Cheeso wrote Jun 14, 2011 at 1:09 AM

Thanks Pointy, I like the idea of a MaxZipThreads property. Also I agree that simpler is better. I'll do some further figuring on this and I hope to come up with something usable.

Cheeso wrote Jun 14, 2011 at 1:10 AM

I think one way to do it is for the ZipFile to set DefaultMaxZipThreads when it starts up - maybe it's a static private readonly field. And then each ZipFile instance can expose a public MaxZipThreads, which gets the default value in the ctor, but then it can be set to anything the application wants, subsequently.

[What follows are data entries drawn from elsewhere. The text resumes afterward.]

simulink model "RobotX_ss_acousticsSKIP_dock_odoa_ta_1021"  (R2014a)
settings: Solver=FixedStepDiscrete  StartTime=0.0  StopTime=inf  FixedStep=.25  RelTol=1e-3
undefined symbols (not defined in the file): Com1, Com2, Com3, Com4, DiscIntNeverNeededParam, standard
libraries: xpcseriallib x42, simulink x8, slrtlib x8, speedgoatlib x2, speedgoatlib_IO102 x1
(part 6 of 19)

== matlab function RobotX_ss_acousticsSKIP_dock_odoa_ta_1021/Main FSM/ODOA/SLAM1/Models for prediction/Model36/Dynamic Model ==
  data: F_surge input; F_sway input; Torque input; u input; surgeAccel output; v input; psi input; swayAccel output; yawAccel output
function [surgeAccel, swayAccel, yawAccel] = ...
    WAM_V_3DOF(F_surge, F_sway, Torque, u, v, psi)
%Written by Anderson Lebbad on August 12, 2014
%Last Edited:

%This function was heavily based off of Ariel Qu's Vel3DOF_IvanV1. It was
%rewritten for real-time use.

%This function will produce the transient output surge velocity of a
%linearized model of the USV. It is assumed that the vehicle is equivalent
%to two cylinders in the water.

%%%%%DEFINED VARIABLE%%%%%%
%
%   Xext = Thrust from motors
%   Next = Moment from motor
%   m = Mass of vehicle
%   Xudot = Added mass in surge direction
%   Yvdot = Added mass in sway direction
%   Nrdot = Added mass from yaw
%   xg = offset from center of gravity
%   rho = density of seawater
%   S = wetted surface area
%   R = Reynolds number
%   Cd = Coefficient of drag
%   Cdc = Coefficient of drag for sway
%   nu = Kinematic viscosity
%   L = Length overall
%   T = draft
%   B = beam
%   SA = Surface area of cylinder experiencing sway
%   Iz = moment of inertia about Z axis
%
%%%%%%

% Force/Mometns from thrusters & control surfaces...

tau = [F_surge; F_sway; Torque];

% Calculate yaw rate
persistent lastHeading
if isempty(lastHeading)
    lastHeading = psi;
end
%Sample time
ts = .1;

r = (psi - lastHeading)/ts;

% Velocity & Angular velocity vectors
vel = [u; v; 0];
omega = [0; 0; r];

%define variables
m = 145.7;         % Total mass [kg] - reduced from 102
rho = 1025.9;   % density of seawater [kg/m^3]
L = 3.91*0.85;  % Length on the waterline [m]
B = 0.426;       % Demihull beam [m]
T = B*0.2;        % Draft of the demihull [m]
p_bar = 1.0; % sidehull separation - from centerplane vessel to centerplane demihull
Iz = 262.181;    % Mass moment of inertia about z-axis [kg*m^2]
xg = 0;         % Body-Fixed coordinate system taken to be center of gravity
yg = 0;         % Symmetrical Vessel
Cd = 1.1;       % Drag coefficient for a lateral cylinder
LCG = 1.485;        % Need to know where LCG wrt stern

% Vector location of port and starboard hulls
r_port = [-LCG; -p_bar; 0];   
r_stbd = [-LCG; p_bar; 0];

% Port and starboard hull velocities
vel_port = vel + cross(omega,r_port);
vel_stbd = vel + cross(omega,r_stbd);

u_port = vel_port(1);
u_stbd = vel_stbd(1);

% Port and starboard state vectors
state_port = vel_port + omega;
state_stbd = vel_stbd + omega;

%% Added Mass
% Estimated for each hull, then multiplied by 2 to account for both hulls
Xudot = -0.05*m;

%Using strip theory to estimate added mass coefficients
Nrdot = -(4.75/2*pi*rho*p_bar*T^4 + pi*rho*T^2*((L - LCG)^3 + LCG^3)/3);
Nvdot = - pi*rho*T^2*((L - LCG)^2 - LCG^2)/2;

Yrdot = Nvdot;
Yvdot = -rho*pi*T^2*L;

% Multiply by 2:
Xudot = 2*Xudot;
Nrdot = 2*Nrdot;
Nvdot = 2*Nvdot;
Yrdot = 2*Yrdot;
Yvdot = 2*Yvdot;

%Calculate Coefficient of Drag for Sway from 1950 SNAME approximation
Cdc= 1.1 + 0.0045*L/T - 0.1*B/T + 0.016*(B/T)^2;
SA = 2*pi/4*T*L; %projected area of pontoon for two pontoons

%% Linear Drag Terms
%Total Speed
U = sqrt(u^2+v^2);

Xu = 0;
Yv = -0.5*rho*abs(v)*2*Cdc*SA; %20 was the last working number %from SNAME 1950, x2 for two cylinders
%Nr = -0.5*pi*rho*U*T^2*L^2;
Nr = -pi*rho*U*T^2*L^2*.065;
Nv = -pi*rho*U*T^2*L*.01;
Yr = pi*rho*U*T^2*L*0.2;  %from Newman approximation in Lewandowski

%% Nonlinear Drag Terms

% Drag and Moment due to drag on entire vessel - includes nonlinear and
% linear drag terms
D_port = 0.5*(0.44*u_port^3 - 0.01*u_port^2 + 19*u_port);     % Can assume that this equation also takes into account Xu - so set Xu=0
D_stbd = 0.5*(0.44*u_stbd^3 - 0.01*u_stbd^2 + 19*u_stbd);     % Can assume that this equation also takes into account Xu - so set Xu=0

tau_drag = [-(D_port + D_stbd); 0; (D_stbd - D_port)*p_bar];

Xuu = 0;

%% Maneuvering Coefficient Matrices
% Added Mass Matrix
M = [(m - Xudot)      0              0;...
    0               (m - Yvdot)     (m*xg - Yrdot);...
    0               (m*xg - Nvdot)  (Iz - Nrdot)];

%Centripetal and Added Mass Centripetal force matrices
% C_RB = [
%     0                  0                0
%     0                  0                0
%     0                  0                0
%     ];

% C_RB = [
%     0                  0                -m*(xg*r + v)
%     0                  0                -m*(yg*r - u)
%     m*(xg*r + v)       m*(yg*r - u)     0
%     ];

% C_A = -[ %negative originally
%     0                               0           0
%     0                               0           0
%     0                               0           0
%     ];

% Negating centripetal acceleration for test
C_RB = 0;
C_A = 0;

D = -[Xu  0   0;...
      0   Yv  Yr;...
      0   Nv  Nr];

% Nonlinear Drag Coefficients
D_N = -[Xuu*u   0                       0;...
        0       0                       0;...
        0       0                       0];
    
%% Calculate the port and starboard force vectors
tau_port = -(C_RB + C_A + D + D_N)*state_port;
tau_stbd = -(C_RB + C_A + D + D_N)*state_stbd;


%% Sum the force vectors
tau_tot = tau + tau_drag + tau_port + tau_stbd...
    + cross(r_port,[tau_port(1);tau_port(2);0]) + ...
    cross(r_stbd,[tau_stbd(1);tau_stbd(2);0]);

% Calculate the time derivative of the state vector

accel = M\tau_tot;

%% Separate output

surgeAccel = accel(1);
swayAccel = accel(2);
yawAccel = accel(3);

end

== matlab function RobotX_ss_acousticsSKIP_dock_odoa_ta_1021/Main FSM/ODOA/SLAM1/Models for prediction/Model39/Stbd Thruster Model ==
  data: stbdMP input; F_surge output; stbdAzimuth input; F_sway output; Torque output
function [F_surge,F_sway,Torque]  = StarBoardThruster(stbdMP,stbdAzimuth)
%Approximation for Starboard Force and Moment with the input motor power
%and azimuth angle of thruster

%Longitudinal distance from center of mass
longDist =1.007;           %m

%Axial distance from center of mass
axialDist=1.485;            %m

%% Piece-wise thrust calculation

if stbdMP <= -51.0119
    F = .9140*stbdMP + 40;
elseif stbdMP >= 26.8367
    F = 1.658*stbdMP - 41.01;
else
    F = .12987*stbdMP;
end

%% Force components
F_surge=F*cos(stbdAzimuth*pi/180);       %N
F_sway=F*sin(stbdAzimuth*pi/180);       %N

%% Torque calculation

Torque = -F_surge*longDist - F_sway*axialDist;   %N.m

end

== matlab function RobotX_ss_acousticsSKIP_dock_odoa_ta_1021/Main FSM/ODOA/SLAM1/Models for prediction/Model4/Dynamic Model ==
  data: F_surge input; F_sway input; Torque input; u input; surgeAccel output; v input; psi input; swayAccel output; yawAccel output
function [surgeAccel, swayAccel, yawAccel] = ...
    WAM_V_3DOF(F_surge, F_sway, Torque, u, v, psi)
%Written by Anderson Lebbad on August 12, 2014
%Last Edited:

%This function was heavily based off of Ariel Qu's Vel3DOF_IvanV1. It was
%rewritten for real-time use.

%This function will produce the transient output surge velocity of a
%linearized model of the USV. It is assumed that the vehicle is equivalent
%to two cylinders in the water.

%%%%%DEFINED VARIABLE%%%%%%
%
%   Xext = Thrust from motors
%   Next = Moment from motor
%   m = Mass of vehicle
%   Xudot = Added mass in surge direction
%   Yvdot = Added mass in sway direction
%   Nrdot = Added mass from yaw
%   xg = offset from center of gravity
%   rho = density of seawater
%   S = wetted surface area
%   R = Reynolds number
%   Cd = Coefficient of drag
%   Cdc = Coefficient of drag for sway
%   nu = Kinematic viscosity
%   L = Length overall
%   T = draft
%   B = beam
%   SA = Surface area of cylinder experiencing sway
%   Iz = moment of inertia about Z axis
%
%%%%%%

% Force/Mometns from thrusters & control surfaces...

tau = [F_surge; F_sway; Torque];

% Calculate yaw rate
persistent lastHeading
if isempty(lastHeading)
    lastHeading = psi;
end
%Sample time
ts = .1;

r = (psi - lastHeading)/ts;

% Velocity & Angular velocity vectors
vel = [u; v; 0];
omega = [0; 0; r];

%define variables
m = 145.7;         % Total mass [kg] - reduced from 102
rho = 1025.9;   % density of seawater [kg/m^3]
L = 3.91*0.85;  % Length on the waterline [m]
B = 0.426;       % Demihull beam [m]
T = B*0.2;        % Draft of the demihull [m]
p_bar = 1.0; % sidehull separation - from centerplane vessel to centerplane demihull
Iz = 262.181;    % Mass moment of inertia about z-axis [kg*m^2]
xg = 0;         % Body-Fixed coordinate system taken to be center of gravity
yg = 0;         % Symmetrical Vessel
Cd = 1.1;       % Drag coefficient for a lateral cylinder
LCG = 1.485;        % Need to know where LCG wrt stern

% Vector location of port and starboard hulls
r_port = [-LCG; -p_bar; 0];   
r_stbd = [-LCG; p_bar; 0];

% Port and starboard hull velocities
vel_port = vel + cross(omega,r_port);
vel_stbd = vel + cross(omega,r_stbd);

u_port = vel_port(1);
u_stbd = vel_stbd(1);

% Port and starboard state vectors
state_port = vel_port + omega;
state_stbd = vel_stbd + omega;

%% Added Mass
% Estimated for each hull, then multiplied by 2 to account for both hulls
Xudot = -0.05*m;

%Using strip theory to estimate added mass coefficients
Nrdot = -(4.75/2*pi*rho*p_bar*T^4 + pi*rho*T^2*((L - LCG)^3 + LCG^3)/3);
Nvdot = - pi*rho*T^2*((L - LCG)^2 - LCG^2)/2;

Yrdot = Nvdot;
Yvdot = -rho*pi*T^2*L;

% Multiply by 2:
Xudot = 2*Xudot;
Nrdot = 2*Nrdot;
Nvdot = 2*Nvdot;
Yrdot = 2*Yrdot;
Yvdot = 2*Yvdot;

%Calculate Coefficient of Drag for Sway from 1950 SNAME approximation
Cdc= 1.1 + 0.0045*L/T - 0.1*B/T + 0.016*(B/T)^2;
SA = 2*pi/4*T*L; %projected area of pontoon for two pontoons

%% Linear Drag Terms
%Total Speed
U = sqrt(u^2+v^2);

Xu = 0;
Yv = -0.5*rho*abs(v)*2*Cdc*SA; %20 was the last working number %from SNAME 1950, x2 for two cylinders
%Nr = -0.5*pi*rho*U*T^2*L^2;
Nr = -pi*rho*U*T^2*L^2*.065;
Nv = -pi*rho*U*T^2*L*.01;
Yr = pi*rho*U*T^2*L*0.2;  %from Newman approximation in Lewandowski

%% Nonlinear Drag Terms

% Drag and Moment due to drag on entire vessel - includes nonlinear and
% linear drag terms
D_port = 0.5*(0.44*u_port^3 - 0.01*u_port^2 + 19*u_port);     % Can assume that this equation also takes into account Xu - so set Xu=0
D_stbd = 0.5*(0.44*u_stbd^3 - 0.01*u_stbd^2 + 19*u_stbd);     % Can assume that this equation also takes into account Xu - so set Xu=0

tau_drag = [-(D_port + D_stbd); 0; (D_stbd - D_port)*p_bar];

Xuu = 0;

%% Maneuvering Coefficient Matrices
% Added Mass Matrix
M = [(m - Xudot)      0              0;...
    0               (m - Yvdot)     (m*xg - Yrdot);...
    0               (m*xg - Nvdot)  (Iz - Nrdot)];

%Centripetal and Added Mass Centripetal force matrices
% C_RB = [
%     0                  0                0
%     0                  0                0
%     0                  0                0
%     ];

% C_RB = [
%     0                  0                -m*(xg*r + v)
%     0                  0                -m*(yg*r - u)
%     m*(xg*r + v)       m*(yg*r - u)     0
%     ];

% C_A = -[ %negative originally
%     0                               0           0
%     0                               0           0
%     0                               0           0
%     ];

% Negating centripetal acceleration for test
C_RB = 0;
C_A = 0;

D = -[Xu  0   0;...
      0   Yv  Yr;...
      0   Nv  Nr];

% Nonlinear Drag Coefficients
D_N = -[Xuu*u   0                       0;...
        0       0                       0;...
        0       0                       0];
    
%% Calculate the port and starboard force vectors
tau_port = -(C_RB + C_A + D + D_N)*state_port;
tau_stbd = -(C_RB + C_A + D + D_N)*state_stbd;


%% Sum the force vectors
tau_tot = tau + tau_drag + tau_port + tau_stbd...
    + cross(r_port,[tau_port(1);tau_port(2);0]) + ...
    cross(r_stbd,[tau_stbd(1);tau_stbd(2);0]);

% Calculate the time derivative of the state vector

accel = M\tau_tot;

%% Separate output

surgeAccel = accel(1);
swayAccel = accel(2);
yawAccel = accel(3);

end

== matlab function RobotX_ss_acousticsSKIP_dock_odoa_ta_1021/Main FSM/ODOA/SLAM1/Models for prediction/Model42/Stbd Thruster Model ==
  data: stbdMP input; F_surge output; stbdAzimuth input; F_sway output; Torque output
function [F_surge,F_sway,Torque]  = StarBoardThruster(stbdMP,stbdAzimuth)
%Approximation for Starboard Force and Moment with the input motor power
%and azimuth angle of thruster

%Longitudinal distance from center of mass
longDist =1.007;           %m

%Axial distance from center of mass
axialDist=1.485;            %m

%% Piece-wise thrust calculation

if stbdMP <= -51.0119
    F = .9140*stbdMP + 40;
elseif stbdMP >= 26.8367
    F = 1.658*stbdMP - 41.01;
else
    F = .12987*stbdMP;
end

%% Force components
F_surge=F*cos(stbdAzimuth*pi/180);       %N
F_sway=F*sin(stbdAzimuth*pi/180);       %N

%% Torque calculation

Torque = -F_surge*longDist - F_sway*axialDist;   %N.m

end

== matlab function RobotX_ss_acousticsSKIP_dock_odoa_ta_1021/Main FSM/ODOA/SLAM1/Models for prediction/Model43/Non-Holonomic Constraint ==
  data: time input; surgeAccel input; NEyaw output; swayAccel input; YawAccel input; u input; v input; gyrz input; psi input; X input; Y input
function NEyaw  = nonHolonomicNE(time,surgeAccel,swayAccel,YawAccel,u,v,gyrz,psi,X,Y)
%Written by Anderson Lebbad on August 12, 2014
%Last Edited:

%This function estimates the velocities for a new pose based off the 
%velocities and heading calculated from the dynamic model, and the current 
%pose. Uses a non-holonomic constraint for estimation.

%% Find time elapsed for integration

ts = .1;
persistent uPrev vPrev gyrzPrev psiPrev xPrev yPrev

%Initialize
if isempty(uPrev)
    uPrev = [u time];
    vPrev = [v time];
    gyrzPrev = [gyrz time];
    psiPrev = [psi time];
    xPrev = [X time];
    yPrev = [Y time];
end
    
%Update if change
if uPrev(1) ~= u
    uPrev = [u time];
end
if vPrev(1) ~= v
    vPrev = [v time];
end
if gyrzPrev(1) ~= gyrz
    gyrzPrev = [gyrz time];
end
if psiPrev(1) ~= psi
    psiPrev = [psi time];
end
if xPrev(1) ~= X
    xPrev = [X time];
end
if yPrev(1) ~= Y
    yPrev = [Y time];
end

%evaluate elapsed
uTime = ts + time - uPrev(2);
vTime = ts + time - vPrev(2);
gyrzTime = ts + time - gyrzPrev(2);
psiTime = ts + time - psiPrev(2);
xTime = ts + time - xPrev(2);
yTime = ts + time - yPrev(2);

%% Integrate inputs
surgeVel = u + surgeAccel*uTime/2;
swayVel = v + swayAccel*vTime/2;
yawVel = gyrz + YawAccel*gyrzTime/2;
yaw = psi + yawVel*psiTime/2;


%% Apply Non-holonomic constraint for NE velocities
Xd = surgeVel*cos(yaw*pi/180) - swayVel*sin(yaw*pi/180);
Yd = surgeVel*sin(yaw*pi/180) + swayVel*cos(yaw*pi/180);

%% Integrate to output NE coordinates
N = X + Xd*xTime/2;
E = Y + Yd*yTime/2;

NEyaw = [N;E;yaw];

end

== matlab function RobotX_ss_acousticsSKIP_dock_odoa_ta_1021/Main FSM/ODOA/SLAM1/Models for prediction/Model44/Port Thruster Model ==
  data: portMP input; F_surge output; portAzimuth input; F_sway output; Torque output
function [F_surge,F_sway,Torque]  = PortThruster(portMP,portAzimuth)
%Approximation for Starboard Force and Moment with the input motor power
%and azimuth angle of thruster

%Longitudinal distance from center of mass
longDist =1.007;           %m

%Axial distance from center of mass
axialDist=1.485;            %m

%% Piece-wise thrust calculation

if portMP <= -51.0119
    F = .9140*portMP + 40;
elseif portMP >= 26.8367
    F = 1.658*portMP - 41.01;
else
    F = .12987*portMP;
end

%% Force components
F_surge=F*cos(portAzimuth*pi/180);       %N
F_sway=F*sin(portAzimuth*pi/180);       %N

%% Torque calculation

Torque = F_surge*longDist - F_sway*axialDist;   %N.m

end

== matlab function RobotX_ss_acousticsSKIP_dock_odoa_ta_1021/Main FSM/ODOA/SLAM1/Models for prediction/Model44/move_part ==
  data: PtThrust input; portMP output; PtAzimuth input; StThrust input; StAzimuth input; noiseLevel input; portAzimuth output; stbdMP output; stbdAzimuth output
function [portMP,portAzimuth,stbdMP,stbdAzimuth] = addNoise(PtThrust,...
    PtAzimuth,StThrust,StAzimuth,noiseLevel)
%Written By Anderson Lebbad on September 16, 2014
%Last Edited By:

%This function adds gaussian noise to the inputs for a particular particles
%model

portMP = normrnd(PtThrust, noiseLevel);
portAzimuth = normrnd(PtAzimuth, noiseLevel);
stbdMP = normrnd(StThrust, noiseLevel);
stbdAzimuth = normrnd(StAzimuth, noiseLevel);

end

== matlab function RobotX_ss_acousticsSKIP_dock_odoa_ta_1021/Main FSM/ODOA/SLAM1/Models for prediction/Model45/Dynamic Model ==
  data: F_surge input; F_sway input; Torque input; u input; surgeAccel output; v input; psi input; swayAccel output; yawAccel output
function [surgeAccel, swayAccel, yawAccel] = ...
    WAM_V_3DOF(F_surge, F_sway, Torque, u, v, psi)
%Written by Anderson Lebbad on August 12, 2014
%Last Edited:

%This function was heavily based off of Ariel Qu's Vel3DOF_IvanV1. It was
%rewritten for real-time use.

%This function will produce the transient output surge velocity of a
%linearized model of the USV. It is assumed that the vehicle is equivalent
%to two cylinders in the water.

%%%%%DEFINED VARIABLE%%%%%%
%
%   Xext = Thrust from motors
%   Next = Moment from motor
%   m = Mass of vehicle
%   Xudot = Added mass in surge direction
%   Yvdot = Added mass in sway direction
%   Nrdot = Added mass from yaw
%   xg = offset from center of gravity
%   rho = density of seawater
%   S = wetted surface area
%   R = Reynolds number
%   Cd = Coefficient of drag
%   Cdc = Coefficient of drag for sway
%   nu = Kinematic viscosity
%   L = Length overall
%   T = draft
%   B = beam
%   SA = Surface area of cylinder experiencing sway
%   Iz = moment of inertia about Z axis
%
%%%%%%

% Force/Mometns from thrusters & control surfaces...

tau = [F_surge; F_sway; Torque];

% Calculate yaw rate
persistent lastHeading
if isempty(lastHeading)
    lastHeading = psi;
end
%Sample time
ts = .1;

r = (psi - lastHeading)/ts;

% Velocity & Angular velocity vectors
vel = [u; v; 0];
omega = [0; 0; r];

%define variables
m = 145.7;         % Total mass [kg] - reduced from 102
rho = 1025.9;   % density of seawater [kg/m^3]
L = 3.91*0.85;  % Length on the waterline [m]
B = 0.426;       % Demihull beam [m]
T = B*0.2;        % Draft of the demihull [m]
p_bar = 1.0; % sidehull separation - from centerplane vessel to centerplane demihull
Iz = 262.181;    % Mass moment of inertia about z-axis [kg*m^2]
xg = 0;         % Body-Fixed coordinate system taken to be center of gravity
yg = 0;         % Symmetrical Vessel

Cheeso wrote Jun 15, 2011 at 7:12 PM

Ok, here's what I did. I exposed a new property MaxBufferPairs, on the ParallelDeflateOutputStream. This thing puts an upper limit on the number of buffer pairs that can be used by the parallel compressor; it also equivalently puts a limit on the number of background threads that will be used. The stream uses 4 buffer pairs per cpu core, by default, up to the limit specified by this property.

There is also a companion "pass-through" property on ZipFile and ZipOutputStream to do the same thing.

The ParallelDeflateThreshold remains, it has a meaning that is independent of the number of buffers.